Given data >>
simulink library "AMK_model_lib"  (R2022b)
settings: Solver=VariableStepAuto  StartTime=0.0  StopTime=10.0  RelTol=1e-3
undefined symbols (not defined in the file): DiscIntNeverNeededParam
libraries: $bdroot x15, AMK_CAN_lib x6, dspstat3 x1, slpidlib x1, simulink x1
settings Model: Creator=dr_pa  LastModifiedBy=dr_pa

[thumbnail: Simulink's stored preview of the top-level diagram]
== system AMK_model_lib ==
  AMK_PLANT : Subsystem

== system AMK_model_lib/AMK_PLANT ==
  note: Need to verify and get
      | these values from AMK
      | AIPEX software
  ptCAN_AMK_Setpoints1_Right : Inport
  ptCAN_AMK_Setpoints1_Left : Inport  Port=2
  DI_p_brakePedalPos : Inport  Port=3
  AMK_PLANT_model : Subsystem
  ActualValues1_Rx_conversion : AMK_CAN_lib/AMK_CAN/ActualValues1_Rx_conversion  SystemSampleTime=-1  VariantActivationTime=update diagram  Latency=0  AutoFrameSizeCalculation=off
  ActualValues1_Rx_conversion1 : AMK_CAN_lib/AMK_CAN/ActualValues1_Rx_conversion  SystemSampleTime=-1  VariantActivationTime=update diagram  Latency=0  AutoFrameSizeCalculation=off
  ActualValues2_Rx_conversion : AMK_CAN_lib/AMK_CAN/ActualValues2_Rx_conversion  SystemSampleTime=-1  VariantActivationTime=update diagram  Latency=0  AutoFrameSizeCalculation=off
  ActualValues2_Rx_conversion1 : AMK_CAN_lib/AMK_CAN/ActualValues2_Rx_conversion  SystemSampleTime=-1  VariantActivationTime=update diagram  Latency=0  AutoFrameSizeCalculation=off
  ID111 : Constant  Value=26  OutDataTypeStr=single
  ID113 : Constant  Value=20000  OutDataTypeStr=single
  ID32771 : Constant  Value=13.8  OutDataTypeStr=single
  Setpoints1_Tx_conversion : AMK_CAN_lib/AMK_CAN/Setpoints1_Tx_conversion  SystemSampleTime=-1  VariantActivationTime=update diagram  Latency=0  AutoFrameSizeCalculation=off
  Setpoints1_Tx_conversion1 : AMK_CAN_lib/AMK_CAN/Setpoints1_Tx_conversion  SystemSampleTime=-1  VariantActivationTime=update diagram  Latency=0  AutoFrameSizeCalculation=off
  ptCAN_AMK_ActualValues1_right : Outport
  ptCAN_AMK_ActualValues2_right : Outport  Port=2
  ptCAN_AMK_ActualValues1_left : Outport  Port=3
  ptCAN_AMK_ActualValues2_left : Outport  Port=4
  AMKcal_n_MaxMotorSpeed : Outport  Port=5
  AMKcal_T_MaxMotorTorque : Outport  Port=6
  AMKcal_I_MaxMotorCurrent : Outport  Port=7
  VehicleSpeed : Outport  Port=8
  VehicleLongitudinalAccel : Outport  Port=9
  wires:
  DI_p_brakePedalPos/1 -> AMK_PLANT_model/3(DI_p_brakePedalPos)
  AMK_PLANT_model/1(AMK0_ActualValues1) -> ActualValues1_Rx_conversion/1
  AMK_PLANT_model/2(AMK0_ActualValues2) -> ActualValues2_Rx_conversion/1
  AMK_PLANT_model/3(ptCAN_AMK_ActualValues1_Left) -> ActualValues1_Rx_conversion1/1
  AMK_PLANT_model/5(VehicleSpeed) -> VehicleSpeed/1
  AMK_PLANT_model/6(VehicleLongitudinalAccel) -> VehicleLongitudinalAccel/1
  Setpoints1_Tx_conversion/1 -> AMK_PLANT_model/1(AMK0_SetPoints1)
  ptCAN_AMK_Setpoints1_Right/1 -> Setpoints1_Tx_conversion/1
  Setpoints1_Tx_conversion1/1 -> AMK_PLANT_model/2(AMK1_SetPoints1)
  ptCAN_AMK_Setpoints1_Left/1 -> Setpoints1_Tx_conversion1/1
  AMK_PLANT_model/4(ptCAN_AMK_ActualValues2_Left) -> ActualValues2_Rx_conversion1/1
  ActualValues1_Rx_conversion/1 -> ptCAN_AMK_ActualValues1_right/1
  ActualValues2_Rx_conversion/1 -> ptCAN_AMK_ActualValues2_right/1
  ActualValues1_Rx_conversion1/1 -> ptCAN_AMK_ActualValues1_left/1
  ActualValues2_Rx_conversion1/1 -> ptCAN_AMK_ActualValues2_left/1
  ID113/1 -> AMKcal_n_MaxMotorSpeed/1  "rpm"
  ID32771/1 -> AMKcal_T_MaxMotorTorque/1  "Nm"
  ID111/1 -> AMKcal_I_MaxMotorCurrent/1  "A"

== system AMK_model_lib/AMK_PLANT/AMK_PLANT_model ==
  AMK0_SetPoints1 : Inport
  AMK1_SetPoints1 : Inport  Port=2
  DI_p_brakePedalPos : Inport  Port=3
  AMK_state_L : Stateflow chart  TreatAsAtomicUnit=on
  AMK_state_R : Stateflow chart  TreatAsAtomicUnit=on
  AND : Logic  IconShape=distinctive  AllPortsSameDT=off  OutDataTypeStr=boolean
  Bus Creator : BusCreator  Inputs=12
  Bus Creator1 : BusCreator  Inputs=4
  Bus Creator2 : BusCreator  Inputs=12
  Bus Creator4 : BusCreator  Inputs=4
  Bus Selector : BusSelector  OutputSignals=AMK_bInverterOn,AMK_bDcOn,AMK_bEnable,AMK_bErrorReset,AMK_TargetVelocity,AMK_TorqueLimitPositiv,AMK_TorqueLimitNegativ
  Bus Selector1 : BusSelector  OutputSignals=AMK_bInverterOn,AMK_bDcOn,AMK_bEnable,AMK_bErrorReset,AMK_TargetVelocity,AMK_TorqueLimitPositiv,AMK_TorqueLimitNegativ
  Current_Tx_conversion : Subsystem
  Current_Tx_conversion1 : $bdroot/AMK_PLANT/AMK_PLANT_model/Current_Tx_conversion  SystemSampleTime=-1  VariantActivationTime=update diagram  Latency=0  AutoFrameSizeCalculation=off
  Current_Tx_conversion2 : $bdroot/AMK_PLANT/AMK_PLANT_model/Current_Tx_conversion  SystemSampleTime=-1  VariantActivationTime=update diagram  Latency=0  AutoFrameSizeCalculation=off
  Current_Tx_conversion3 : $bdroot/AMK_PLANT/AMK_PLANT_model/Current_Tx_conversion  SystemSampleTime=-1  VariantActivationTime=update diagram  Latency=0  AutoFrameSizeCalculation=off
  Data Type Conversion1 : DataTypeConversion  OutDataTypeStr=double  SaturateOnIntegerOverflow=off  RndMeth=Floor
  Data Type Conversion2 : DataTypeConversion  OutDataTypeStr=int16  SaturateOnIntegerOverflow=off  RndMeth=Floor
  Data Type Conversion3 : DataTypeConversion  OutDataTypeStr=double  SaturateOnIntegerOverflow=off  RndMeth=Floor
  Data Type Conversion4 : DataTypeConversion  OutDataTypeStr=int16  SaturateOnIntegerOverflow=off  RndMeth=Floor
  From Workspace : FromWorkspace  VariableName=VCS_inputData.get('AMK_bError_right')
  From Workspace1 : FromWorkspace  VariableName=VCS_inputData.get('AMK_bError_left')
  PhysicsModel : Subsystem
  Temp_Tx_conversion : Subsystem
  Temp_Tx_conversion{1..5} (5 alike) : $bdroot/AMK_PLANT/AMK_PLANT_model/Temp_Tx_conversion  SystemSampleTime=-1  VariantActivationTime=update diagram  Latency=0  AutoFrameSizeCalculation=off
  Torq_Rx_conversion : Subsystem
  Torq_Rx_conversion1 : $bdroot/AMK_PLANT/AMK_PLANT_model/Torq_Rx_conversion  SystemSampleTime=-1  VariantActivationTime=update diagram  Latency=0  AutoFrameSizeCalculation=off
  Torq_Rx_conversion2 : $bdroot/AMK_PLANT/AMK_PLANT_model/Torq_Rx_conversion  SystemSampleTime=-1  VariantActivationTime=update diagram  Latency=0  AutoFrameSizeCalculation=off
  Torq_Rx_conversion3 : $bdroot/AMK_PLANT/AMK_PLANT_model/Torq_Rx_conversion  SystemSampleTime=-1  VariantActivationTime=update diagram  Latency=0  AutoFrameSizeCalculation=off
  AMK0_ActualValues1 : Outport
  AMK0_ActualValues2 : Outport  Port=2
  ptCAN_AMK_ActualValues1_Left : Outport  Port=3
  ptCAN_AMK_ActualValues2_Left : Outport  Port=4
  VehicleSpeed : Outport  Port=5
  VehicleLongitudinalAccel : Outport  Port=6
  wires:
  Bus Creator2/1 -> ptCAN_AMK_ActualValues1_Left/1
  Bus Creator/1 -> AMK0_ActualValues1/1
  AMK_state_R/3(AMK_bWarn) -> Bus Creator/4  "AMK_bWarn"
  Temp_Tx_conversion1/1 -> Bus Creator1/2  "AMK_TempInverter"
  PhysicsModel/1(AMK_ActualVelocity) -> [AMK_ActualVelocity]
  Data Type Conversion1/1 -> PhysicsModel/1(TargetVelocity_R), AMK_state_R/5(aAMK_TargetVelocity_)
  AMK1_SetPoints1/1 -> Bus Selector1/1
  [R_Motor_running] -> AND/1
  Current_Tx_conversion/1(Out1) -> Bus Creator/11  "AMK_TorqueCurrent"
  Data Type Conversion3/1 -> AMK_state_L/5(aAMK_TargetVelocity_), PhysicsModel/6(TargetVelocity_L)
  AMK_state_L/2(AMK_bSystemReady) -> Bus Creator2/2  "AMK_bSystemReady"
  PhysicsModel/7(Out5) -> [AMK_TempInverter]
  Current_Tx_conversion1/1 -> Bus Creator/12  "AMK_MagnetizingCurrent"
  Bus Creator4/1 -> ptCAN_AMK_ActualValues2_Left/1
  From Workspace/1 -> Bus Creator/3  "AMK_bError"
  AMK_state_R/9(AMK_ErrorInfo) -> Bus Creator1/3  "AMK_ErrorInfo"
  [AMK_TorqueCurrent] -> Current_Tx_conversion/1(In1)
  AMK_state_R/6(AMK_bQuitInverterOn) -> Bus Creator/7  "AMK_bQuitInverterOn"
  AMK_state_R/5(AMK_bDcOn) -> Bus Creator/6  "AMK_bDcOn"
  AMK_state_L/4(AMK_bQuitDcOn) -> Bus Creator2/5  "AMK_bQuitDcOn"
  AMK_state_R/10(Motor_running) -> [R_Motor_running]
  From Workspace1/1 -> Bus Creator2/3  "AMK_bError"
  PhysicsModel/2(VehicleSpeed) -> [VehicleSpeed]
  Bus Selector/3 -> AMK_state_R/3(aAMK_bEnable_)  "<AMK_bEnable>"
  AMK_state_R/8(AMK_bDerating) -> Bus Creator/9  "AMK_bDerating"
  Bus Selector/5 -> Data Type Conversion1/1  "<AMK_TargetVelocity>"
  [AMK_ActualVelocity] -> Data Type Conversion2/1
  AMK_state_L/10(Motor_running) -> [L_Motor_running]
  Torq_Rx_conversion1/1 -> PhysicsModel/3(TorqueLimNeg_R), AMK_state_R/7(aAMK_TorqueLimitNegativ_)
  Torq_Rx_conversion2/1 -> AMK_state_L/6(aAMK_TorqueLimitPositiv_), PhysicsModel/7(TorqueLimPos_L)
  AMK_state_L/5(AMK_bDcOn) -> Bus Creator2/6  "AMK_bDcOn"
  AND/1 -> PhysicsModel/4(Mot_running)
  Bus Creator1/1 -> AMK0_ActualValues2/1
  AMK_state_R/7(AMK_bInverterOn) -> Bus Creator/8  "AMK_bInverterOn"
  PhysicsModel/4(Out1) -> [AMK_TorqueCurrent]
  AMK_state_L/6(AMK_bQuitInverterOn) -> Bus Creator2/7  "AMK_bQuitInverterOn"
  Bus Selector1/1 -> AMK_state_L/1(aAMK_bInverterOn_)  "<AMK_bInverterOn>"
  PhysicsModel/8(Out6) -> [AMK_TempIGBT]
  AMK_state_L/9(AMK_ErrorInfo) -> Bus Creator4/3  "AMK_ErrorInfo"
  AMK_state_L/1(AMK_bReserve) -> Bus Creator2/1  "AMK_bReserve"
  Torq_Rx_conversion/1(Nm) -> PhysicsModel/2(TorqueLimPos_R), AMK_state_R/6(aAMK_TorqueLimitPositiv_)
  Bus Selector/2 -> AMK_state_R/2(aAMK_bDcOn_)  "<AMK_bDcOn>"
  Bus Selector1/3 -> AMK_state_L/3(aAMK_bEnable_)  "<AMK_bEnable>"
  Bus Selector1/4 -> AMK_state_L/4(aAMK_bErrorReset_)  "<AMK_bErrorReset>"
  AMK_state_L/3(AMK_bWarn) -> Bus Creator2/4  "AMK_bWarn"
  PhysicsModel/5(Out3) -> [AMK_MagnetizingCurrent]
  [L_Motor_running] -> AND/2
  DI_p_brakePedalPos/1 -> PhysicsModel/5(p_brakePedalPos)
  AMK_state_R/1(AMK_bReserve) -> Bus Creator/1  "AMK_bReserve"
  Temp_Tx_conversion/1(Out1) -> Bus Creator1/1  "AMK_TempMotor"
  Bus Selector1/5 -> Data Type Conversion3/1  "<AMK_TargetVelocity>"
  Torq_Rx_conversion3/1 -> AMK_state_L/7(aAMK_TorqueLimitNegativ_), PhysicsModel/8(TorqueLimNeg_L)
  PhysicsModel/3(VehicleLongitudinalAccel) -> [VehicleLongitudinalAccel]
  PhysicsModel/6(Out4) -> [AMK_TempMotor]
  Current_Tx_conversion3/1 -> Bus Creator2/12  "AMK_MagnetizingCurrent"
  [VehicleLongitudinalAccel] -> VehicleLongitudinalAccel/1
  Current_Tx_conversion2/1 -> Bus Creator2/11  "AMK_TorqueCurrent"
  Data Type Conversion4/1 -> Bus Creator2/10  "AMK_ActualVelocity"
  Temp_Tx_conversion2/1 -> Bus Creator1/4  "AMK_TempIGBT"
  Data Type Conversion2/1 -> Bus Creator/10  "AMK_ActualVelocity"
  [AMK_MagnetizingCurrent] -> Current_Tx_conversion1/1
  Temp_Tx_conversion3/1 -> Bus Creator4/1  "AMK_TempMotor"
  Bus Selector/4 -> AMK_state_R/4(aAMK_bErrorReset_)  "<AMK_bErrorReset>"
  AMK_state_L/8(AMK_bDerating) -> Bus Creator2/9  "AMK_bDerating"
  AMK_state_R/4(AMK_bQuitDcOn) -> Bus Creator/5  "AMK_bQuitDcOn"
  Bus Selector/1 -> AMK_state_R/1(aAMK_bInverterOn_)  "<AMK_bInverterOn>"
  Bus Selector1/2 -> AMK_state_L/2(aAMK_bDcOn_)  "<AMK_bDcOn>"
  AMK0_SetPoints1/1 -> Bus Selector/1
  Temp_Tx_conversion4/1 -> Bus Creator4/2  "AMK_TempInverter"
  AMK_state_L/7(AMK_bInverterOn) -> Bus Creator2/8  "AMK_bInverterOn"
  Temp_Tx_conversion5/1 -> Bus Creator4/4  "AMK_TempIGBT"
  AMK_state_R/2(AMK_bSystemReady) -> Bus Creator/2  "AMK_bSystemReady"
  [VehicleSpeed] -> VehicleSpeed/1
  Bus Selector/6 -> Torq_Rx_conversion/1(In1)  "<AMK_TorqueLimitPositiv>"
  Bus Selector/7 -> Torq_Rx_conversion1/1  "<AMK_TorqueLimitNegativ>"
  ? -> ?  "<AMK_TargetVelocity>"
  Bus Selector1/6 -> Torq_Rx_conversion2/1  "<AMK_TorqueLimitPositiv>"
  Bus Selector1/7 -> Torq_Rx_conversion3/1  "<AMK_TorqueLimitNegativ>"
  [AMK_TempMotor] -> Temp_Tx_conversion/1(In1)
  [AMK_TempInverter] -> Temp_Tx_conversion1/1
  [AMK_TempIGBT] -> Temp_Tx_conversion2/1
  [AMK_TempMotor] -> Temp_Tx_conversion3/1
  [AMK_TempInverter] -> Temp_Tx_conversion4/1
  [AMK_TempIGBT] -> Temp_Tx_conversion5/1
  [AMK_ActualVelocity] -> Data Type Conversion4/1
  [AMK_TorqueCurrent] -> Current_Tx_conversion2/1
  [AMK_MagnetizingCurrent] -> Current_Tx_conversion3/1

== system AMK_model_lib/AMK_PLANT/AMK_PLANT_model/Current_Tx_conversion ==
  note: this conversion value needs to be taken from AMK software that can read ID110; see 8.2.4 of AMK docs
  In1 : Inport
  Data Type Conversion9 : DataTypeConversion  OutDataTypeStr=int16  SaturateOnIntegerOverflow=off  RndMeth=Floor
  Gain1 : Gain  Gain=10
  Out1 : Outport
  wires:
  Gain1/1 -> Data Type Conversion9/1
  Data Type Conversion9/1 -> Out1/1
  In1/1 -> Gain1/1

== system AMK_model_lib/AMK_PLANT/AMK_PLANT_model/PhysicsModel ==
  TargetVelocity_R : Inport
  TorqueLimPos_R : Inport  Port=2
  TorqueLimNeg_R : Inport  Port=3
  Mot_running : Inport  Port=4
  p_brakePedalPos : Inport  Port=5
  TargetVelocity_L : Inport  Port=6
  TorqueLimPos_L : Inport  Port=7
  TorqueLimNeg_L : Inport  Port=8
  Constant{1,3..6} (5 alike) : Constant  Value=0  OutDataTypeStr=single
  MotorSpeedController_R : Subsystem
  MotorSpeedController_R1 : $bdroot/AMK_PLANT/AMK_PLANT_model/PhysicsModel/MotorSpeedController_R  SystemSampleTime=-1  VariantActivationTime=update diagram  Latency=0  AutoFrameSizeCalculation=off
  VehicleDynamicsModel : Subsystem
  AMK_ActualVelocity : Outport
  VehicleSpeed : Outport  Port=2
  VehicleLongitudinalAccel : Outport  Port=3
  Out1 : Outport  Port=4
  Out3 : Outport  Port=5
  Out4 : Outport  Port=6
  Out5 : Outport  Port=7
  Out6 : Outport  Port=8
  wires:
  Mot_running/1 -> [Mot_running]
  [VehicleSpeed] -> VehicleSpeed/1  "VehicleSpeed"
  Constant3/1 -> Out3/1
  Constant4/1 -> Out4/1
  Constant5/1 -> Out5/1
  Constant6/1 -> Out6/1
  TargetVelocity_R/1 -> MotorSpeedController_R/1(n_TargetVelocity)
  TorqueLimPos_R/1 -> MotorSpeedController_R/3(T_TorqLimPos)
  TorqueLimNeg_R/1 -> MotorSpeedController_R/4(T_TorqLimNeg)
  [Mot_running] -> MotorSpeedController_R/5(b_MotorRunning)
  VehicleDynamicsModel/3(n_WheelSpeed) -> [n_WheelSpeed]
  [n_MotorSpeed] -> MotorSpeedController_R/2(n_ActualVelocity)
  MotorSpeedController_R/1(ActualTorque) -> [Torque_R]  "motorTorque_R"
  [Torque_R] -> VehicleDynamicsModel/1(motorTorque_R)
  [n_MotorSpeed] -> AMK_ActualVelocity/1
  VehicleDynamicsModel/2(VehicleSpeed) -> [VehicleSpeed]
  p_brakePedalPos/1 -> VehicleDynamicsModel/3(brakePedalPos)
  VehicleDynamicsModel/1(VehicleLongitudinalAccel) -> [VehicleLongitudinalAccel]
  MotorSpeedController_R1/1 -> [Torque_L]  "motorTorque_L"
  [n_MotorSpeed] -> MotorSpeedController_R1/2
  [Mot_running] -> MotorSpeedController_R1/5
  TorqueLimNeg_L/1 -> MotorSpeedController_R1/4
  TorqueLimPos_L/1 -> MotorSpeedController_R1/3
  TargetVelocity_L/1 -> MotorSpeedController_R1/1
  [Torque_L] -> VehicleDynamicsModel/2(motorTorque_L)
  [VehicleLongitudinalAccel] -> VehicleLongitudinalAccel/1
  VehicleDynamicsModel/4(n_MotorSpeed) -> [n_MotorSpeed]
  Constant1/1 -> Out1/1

Work to be completed >> Read through the listing and copy each line in which the word "alike" occurs.

Output below >>
  Temp_Tx_conversion{1..5} (5 alike) : $bdroot/AMK_PLANT/AMK_PLANT_model/Temp_Tx_conversion  SystemSampleTime=-1  VariantActivationTime=update diagram  Latency=0  AutoFrameSizeCalculation=off
  Constant{1,3..6} (5 alike) : Constant  Value=0  OutDataTypeStr=single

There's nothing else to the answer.